先程の式にちょっとにてますね。寄せてみます。
$${2H_{n+1}=2+\dfrac{2}{2}+\dfrac{2}{3}+…+\dfrac{2}{n+1}}$$
$${\dfrac{2}{3}}$$以降は同じになりました。なので、
$${2+\dfrac{2}{2}}$$が$${\dfrac{-2}{2}}$$にできる値$${x}$$を考えます。$${x}$$で帳尻合わせちゃおう、ということです。
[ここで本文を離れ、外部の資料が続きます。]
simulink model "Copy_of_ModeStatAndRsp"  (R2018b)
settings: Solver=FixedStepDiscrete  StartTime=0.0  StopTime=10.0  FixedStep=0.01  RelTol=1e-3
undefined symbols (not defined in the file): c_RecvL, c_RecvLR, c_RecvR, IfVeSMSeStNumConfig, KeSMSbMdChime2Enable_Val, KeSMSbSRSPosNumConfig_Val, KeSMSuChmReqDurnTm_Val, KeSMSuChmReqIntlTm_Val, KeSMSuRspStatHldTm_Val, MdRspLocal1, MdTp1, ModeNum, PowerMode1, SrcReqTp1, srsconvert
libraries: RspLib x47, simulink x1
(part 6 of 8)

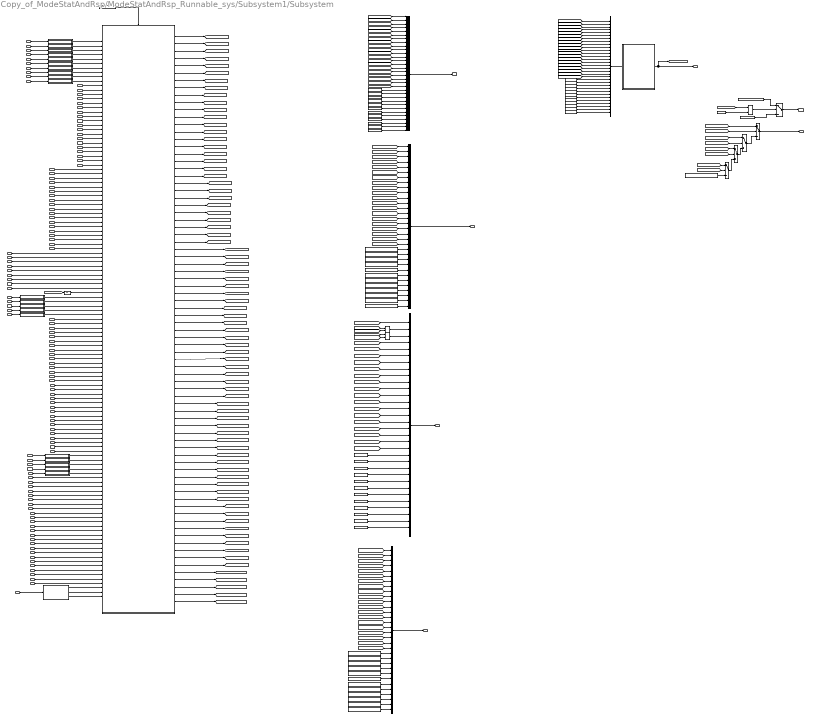
== system Copy_of_ModeStatAndRsp/ModeStatAndRsp_Runnable_sys/Subsystem1/Subsystem ==
  note: **信号已使用不被使用，暂时保留
  acsExtMdReq : Inport
  acsEntyMdReq : Inport  Port=2
  LtVipMdReq : Inport  Port=3
  RtVipMdReq : Inport  Port=4
  AllVipMdReq : Inport  Port=5
  LtLugMdReq : Inport  Port=6
  RtLugMdReq : Inport  Port=7
  AllLugMdReq : Inport  Port=8
  LtRcvyMdReq : Inport  Port=9
  RtRcvyMdReq : Inport  Port=10
  CommCond : Inport  Port=11
  CommExitCond : Inport  Port=12
  CommExitCondwithSpeed : Inport  Port=13
  isAcsMdEntryDoneOK : Inport  Port=14
  isAcsMdExtDoneOK : Inport  Port=15
  isLfLugDoneOK : Inport  Port=16
  isLfRecoveryDoneOK : Inport  Port=17
  isLfVipDoneOK : Inport  Port=18
  isRtLugDoneOK : Inport  Port=19
  isRtRecoveryDoneOK : Inport  Port=20
  isRtVipDoneOK : Inport  Port=21
  isAcsMdEntryDoneFailed : Inport  Port=22
  isAcsMdExtDoneFailed : Inport  Port=23
  isLfLugDoneFailed : Inport  Port=24
  isLfRecoveryDoneFailed : Inport  Port=25
  isLfVipDoneFailed : Inport  Port=26
  isRtLugDoneFailed : Inport  Port=27
  isRtRecoveryDoneFailed : Inport  Port=28
  isRtVipDoneFailed : Inport  Port=29
  SwIntAcsEnty : Inport  Port=30
  SwIntAcsExt : Inport  Port=31
  SwIntLfVip : Inport  Port=32
  SwIntRtVip : Inport  Port=33
  SwIntLfLug : Inport  Port=34
  SwIntRtLug : Inport  Port=35
  SwIntLfRcvy : Inport  Port=36
  SwIntRtRcvy : Inport  Port=37
  SwIntAllLug : Inport  Port=38
  SoftIntAcsExt : Inport  Port=39
  SoftIntAcsEnty : Inport  Port=40
  SoftIntLfVip : Inport  Port=41
  SoftIntRtVip : Inport  Port=42
  SoftIntLfLug : Inport  Port=43
  SoftIntRtLug : Inport  Port=44
  SoftIntLfRcvy : Inport  Port=45
  SoftIntRtRcvy : Inport  Port=46
  SoftIntAllVip : Inport  Port=47
  SoftIntAllLug : Inport  Port=48
  acsExtMdSrcTp : Inport  Port=49
  acsEntyMdSrcTp : Inport  Port=50
  LtVipSrcReqTp : Inport  Port=51
  RtVipSrcReqTp : Inport  Port=52
  LtLugSrcReqTp : Inport  Port=53
  RtLugSrcReqTp : Inport  Port=54
  LtRcvySrcReqTp : Inport  Port=55
  RtRcvySrcReqTp : Inport  Port=56
  AllLugSrcReqTp_Val : Inport  Port=57
  StNumConfig : Inport  Port=58
  INTMMdReq : Inport  Port=59
  LfFamlyReq : Inport  Port=60
  LfLyMdReq : Inport  Port=61
  RtFamlyMdReq : Inport  Port=62
  RtLyMdReq : Inport  Port=63
  INTMSrcReqTp : Inport  Port=64
  LfFamlySrcReqTp : Inport  Port=65
  LfLySrcReqTp : Inport  Port=66
  RtFamlySrcReqTp : Inport  Port=67
  RtLySrcReqTp : Inport  Port=68
  SoftIntINTM : Inport  Port=69
  SoftIntLfFamly : Inport  Port=70
  SoftIntLfLy : Inport  Port=71
  SoftIntRtFamly : Inport  Port=72
  SoftIntRtLy : Inport  Port=73
  SwIntINTM : Inport  Port=74
  SwIntLfFamly : Inport  Port=75
  SwIntLfLy : Inport  Port=76
  SwIntRtFamly : Inport  Port=77
  SwIntRtLy : Inport  Port=78
  isINTMDoneOK : Inport  Port=79
  isFamlyLDoneOK : Inport  Port=80
  isFamlyRDoneOK : Inport  Port=81
  isLfLyDoneOK : Inport  Port=82
  isRtLyDoneOK : Inport  Port=83
  isINTMDoneFailed : Inport  Port=84
  isFamlyLDoneFailed : Inport  Port=85
  isFamlyRDoneFailed : Inport  Port=86
  isLfLyDoneFailed : Inport  Port=87
  isRtLyDoneFailed : Inport  Port=88
  AllVipSrcReqTp : Inport  Port=89
  LugMdLtAvl_Val_read : Inport  Port=90
  LugMdRtAvl_Val_read : Inport  Port=91
  VipMdLtAvl_Val_read : Inport  Port=92
  VipMdRtAvl_Val_read : Inport  Port=93
  SwIntAllVip : Inport  Port=94
  IntimacyRtMdReq_Val_read : Inport  Port=95
  IntimacyRtMdSrcTp_Val_read : Inport  Port=96
  isINTMRDoneFailed_Val_read : Inport  Port=97
  isINTMRDoneOK_Val_read : Inport  Port=98
  isLgrstCloseLDoneFailed_Val_read : Inport  Port=99
  isLgrstCloseLDoneOK_Val_read : Inport  Port=100
  isLgrstCloseRDoneFailed_Val_read : Inport  Port=101
  isLgrstCloseRDoneOK_Val_read : Inport  Port=102
  isLgrstOpenLDoneFailed_Val_read : Inport  Port=103
  isLgrstOpenLDoneOK_Val_read : Inport  Port=104
  isLgrstOpenRDoneFailed_Val_read : Inport  Port=105
  isLgrstOpenRDoneOK_Val_read : Inport  Port=106
  LgrstCloseLtMdReq_Val_read : Inport  Port=107
  LgrstCloseLtSrcReqTp_Val_read : Inport  Port=108
  LgrstCloseRtMdReq_Val_read : Inport  Port=109
  LgrstCloseRtSrcReqTp_Val_read : Inport  Port=110
  LgrstOpenLtMdReq_Val_read : Inport  Port=111
  LgrstOpenLtSrcReqTp_Val_read : Inport  Port=112
  LgrstOpenRtMdReq_Val_read : Inport  Port=113
  LgrstOpenRtSrcReqTp_Val_read : Inport  Port=114
  SoftIntIntimacyRt_Val_read : Inport  Port=115
  SoftIntLgrstCloseLt_Val_read : Inport  Port=116
  SoftIntLgrstCloseRt_Val_read : Inport  Port=117
  SoftIntLgrstOpenLt_Val_read : Inport  Port=118
  SoftIntLgrstOpenRt_Val_read : Inport  Port=119
  SwIntIntimacyRt_Val_read : Inport  Port=120
  SwIntLgrstCloseLt_Val_read : Inport  Port=121
  SwIntLgrstCloseRt_Val_read : Inport  Port=122
  SwIntLgrstOpenLt_Val_read : Inport  Port=123
  SwIntLgrstOpenRt_Val_read : Inport  Port=124
  Bus Creator{,1,3..4} (4 alike) : BusCreator  Inputs=32
  Chart : Stateflow chart  TreatAsAtomicUnit=on
  Chart2 : Stateflow chart  TreatAsAtomicUnit=on
  Constant{7,9..18,36..37} (13 alike) : Constant  Value=SrcReqTp1.SrcReqTp_None  OutDataTypeStr=Enum:SrcReqTp1
  Constant{19..30} (12 alike) : Constant  Description=_SGMK226P2.FCMD.000_369_  Value=0  OutDataTypeStr=boolean
  Constant3 : Constant  Value=MdTp1.MdTp_EzeEntry  OutDataTypeStr=Enum:MdTp1
  Constant{38..49} (12 alike) : Constant  Value=MdRspLocal1.MdRsp_None  OutDataTypeStr=Enum: MdRspLocal1
  Constant5 : Constant  Value=0  OutDataTypeStr=uint32
  Constant{56..67,73..84} (24 alike) : Constant  Value=0  OutDataTypeStr=boolean
  Constant6 : Constant  Value=MdTp1.MdTp_None  OutDataTypeStr=Enum:MdTp1
  Function-Call Generator : simulink/Ports & Subsystems/Function-Call Generator  sample_time=-1  numberOfIterations=2
  HasChangeToTrue : Subsystem
  HasChangeToTrue1 : Subsystem
  HasChangeToTrue10 : Subsystem
  HasChangeToTrue11 : Subsystem
  HasChangeToTrue12 : Subsystem
  HasChangeToTrue13 : Subsystem
  HasChangeToTrue14 : Subsystem
  HasChangeToTrue15 : Subsystem
  HasChangeToTrue16 : Subsystem
  HasChangeToTrue17 : Subsystem
  HasChangeToTrue18 : Subsystem
  HasChangeToTrue19 : Subsystem
  HasChangeToTrue2 : Subsystem
  HasChangeToTrue3 : Subsystem
  HasChangeToTrue4 : Subsystem
  HasChangeToTrue5 : Subsystem
  HasChangeToTrue6 : Subsystem
  HasChangeToTrue7 : Subsystem
  HasChangeToTrue8 : Subsystem
  HasChangeToTrue9 : Subsystem
  Mux11 : Mux  Inputs=32
  OR : Logic  Operator=OR  AllPortsSameDT=off  OutDataTypeStr=boolean
  OR1 : Logic  Operator=OR  AllPortsSameDT=off  OutDataTypeStr=boolean
  Relational Operator : RelationalOperator  Operator=>  OutDataTypeStr=boolean  RndMeth=Simplest
  StNumChk : Subsystem
  Switch{,1..4} (5 alike) : Switch  Criteria=u2 > Threshold
  Unit Delay9 : UnitDelay  SampleTime=-1
  oModeState : Outport
  ModeSrcTpLt : Outport  Port=2  VectorParamsAs1DForOutWhenUnconnected=on
  ModeState32 : Outport  Port=3
  MdStateBus : Outport  Port=4
  MdBsy : Outport  Port=5
  MdSrcTp : Outport  Port=6
  MdRsp : Outport  Port=7
  wires:
  SwIntRtVip/1 -> Chart/33(SwIntRtVip)
  isRtLugDoneOK/1 -> Chart/19(iIsRtLugDoneOK)
  SoftIntAcsEnty/1 -> Chart/40(SoftIntAcsEnty)
  SoftIntLfRcvy/1 -> Chart/45(SoftIntLfRcvy)
  SoftIntRtRcvy/1 -> Chart/46(SoftIntRtRcvy)
  isRtRecoveryDoneFailed/1 -> Chart/28(iIsRtRecoveryDoneFailed)
  isAcsMdExtDoneFailed/1 -> Chart/23(iIsAcsMdExtDoneFailed)
  isAcsMdEntryDoneOK/1 -> Chart/14(iIsAcsMdEntryDoneOK)
  SwIntAcsExt/1 -> Chart/31(SwIntAcsExt)
  SoftIntRtLug/1 -> Chart/44(SoftIntRtLug)
  SoftIntRtVip/1 -> Chart/42(SoftIntRtVip)
  isRtRecoveryDoneOK/1 -> Chart/20(iIsRtRecoveryDoneOK)
  SoftIntAllLug/1 -> Chart/48(SoftIntAllLug)
  isAcsMdEntryDoneFailed/1 -> Chart/22(iIsAcsMdEntryDoneFailed)
  SwIntRtRcvy/1 -> Chart/37(SwIntRtRcvy)
  isLfLugDoneFailed/1 -> Chart/24(iIsLtLugDoneFailed)
  CommExitCond/1 -> Chart/12(CommExitCond)
  isLfVipDoneOK/1 -> Chart/18(iIsLtVipDoneOK)
  CommCond/1 -> Chart/11(CommCond)
  SwIntRtLug/1 -> Chart/35(SwIntRtLug)
  SoftIntAllVip/1 -> Chart/47(SoftIntAllVip)
  isAcsMdExtDoneOK/1 -> Chart/15(iIsAcsMdExtDoneOK)
  isLfLugDoneOK/1 -> Chart/16(iIsLtLugDoneOK)
  SoftIntAcsExt/1 -> Chart/39(SoftIntAcsExt)
  SwIntAllLug/1 -> Chart/38(SwIntAllLug)
  isLfRecoveryDoneOK/1 -> Chart/17(iIsLtRecoveryDoneOK)
  isRtVipDoneOK/1 -> Chart/21(iIsRtVipDoneOK)
  isRtLugDoneFailed/1 -> Chart/27(iIsRtLugDoneFailed)
  SoftIntLfVip/1 -> Chart/41(SoftIntLfVip)
  isLfRecoveryDoneFailed/1 -> Chart/25(iIsLtRecoveryDoneFailed)
  SwIntLfRcvy/1 -> Chart/36(SwIntLfRcvy)
  isLfVipDoneFailed/1 -> Chart/26(iIsLtVipDoneFailed)
  isRtVipDoneFailed/1 -> Chart/29(iIsRtVipDoneFailed)
  SwIntLfLug/1 -> Chart/34(SwIntLfLug)
  SoftIntLfLug/1 -> Chart/43(SoftIntLfLug)
  SwIntAcsEnty/1 -> Chart/30(SwIntAcsEnty)
  SwIntLfVip/1 -> Chart/32(SwIntLfVip)
  CommExitCondwithSpeed/1 -> Chart/13(CommExitCondwithSpeed)
  [LgrstOpenR_En] -> Mux11/18
  Mux11/1 -> Chart2/1(ModeArray)
  Constant20/1 -> Mux11/22
  Constant26/1 -> Mux11/28
  [LgrstCloseL_En] -> Mux11/17
  [RecoveryR_En] -> Mux11/13
  [FAMLY_R_En] -> Mux11/6
  [LgrstCloseR_En] -> Mux11/19
  [INTM_En] -> Mux11/5
  [INTMR_En] -> Mux11/20
  [LgrstOpenL_En] -> Mux11/16
  Constant29/1 -> Mux11/31
  [RecoveryL_En] -> Mux11/11
  Constant28/1 -> Mux11/30
  Constant27/1 -> Mux11/29
  [VIPR_En] -> Mux11/12
  [LugL_En] -> Mux11/8
  [VIPAll_En] -> Mux11/2
  Constant22/1 -> Mux11/24
  Constant24/1 -> Mux11/26
  [LyL_En] -> Mux11/14
  [EZE_En] -> Mux11/1
  [LugAll_En] -> Mux11/3
  [FAMLY_L_En] -> Mux11/7
  [LugR_En] -> Mux11/9
  Constant30/1 -> Mux11/32
  Constant23/1 -> Mux11/25
  Constant19/1 -> Mux11/21
  [EZQ_En] -> Mux11/4
  [VIPL_En] -> Mux11/10
  Constant25/1 -> Mux11/27
  Constant21/1 -> Mux11/23
  [LyR_En] -> Mux11/15
  Chart/11(RecoveryL_En) -> [RecoveryL_En]
  Chart/10(VIPL_En) -> [VIPL_En]
  Chart/12(VIPR_En) -> [VIPR_En]
  Chart/9(LugR_En) -> [LugR_En]
  Chart/13(RecoveryR_En) -> [RecoveryR_En]
  Chart/8(LugL_En) -> [LugL_En]
  Chart/14(LyL_En) -> [LyL_En]
  Chart/7(FAMLY_L_En) -> [FAMLY_L_En]
  Chart/15(LyR_En) -> [LyR_En]
  Chart/6(FAMLY_R_En) -> [FAMLY_R_En]
  Chart/5(INTM_En) -> [INTM_En]
  Chart/4(EZQ_En) -> [EZQ_En]
  Chart/3(LugAll_En) -> [LugAll_En]
  Chart/2(VIPAll_En) -> [VIPAll_En]
  Chart2/1(ModeState32) -> [ModeState32], ModeState32/1
  [ModeState32] -> Relational Operator/1
  Constant5/1 -> Relational Operator/2
  Relational Operator/1 -> Switch/2
  Constant3/1 -> Switch/1
  Switch/1 -> oModeState/1
  Constant6/1 -> Switch/3
  Chart/21(ModeSrcTpAllLug) -> [ModeSrcTpAllLug]
  Chart/22(ModeSrcTpEZE) -> [ModeSrcTpEZE]
  Chart/23(ModeSrcTpEZQ) -> [ModeSrcTpEZQ]
  Chart/24(ModeSrcTpLtLug) -> [ModeSrcTpLtLug]
  Chart/25(ModeSrcTpLtRecovery) -> [ModeSrcTpLtRecovery]
  Chart/26(ModeSrcTpLtVIP) -> [ModeSrcTpLtVIP]
  Chart/27(ModeSrcTpRtLug) -> [ModeSrcTpRtLug]
  Chart/28(ModeSrcTpRtRecovery) -> [ModeSrcTpRtRecovery]
  Chart/29(ModeSrcTpRtVIP) -> [ModeSrcTpRtVIP]
  Chart/1(EZE_En) -> [EZE_En]
  [ModeState32] -> Unit Delay9/1
  Unit Delay9/1 -> Chart/58(modestate32)
  Switch1/1 -> ModeSrcTpLt/1
  [EZE_En] -> Switch1/2
  [ModeSrcTpEZE] -> Switch1/1
  Switch2/1 -> Switch1/3
  [EZQ_En] -> Switch2/2
  [ModeSrcTpEZQ] -> Switch2/1
  Switch3/1 -> Switch2/3
  [VIPAll_En] -> Switch3/2
  [ModeSrcTpALLVIP] -> Switch3/1
  Switch4/1 -> Switch3/3
  [LugAll_En] -> Switch4/2
  [ModeSrcTpAllLug] -> Switch4/1
  Constant7/1 -> Switch4/3
  SoftIntINTM/1 -> Chart/64(SoftIntINTM)
  SoftIntLfFamly/1 -> Chart/65(SoftIntLfFamly)
  SoftIntLfLy/1 -> Chart/66(SoftIntLfLy)
  SoftIntRtFamly/1 -> Chart/67(SoftIntRtFamly)
  SoftIntRtLy/1 -> Chart/68(SoftIntRtLy)
  SwIntINTM/1 -> Chart/69(SwIntINTM)
  SwIntLfFamly/1 -> Chart/70(SwIntLfFamly)
  SwIntLfLy/1 -> Chart/71(SwIntLfLy)
  SwIntRtFamly/1 -> Chart/72(SwIntRtFamly)
  SwIntRtLy/1 -> Chart/73(SwIntRtLy)
  isINTMDoneOK/1 -> Chart/74(isINTMDoneOK)
  isFamlyLDoneOK/1 -> Chart/75(isFamlyLDoneOK)
  isFamlyRDoneOK/1 -> Chart/76(isFamlyRDoneOK)
  isLfLyDoneOK/1 -> Chart/77(isLfLyDoneOK)
  isRtLyDoneOK/1 -> Chart/78(isRtLyDoneOK)
  isINTMDoneFailed/1 -> Chart/79(isINTMDoneFailed)
  isFamlyLDoneFailed/1 -> Chart/80(isFamlyLDoneFailed)
  isFamlyRDoneFailed/1 -> Chart/81(isFamlyRDoneFailed)
  isLfLyDoneFailed/1 -> Chart/82(isLfLyDoneFailed)
  isRtLyDoneFailed/1 -> Chart/83(isRtLyDoneFailed)
  Chart/50(ModeSrcTpALLVIP) -> [ModeSrcTpALLVIP]
  Chart/52(EZQStBsy) -> [EZQStBsy]
  Chart/51(EZEStBsy) -> [EZEStBsy]
  Chart/53(VIPLStBsy) -> [VIPLStBsy]
  Chart/54(VIPRStBsy) -> [VIPRStBsy]
  Chart/55(RecoveryLStBsy) -> [RecoveryLStBsy]
  Chart/56(RecoveryRStBsy) -> [RecoveryRStBsy]
  Chart/57(LugLStBsy) -> [LugLStBsy]
  Chart/58(LugRStBsy) -> [LugRStBsy]
  Chart/59(FamlyLBsy) -> [FamilyLStBsy]
  Chart/60(FamlyRBsy) -> [FamilyRStBsy]
  Chart/61(INTMBsy) -> [INTMBsy]
  Chart/62(LyLBsy) -> [LyLBsy]
  Chart/63(LyRBsy) -> [LyRBsy]
  LugMdLtAvl_Val_read/1 -> Chart/90(LugMdLtAvl)
  LugMdRtAvl_Val_read/1 -> Chart/91(LugMdRtAvl)
  VipMdLtAvl_Val_read/1 -> Chart/92(VipMdLtAvl)
  VipMdRtAvl_Val_read/1 -> Chart/93(VipMdRtAvl)
  SwIntAllVip/1 -> Chart/94(SwIntAllVip)
  Function-Call Generator/1 -> Chart/Trigger
  acsExtMdReq/1 -> HasChangeToTrue/1(In1)
  acsEntyMdReq/1 -> HasChangeToTrue1/1(In1)
  LtVipMdReq/1 -> HasChangeToTrue2/1(In1)
  RtVipMdReq/1 -> HasChangeToTrue3/1(In1)
  AllVipMdReq/1 -> HasChangeToTrue4/1(In1)
  LtLugMdReq/1 -> HasChangeToTrue5/1(In1)
  RtLugMdReq/1 -> HasChangeToTrue6/1(In1)
  AllLugMdReq/1 -> HasChangeToTrue7/1(In1)
  LtRcvyMdReq/1 -> HasChangeToTrue8/1(In1)
  RtRcvyMdReq/1 -> HasChangeToTrue9/1(In1)
  acsExtMdSrcTp/1 -> Chart/49(acsExtMdSrcTp)
  acsEntyMdSrcTp/1 -> Chart/50(acsEntyMdSrcTp)
  LtVipSrcReqTp/1 -> Chart/51(LtVipSrcReqTp)
  RtVipSrcReqTp/1 -> Chart/52(RtVipSrcReqTp)
  LtLugSrcReqTp/1 -> Chart/53(LtLugSrcReqTp)
  RtLugSrcReqTp/1 -> Chart/54(RtLugSrcReqTp)
  LtRcvySrcReqTp/1 -> Chart/55(LtRcvySrcReqTp)
  RtRcvySrcReqTp/1 -> Chart/56(RtRcvySrcReqTp)
  AllLugSrcReqTp_Val/1 -> Chart/57(AllLugSrcReqTp)
  INTMMdReq/1 -> HasChangeToTrue10/1(In1)
  LfFamlyReq/1 -> HasChangeToTrue11/1(In1)
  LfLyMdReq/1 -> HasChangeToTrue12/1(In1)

$${-\dfrac{2}{2}=2+\dfrac{2}{2}+x}$$
$${x=-4}$$
よって

$$
\dfrac{S_n}{n+1}=2H_{n+1}-4
\\=2(H_{n+1}-2)
$$

ゴール

$${S_n}$$について整理すると
$${S_n=2(n+1)(H_{n+1}-2)}$$
$${T_n=2(n+1)(H_{n+1}-2)+2}$$
$${P_n=\dfrac{1}{n}[2(n+1)(H_{n+1}-2)+2]+1}$$
$${H_{n+1}=H_n+\dfrac{1}{n+1}}$$を代入して整理すると

ここもわかりにくかったので1つずつ片付けます。
まず、$${(H_{n+1}-2)}$$部分($${X}$$とする)を考えます。

$$
H_{n+1}-2=H_n+\dfrac{1}{n+1}-2
\\=H_n+\dfrac{1-2n-2}{n+1}
\\=H_n-\dfrac{2n+1}{n+1}
$$

この結果を$${T_n}$$の式に当てはめます

$$
T_n=2(n+1)X+2
\\=2(n+1)(H_n-\dfrac{2n+1}{n+1})+2
\\=2(n+1)H_n-2(n+1)\dfrac{2n+1}{n+1}+2
\\=2(n+1)H_n-2(2n+1)+2
\\=2(n+1)H_n-4n-2+2
\\=2(n+1)H_n-4n
$$

最後に$${P_n}$$にこの$${T_n}$$の結果をあてはめると

$$
P_n=\dfrac{1}{n}T_n+1
\\=\dfrac{1}{n}[2(n+1)H_n-4n]+1
\\=\dfrac{2(n+1)H_n}{n}-\dfrac{4n}{n}+1
\\=\dfrac{2(n+1)}{n}H_n-3
$$

これで計算式理解することができました!!

宿題

このあとの「調和級数が$${\log_en+\gamma}$$で近似できる」というところはさらに難しそうなので現時点ではそういうものなんだなぁ〜と思うにとどめて理解できたら書こうと思います。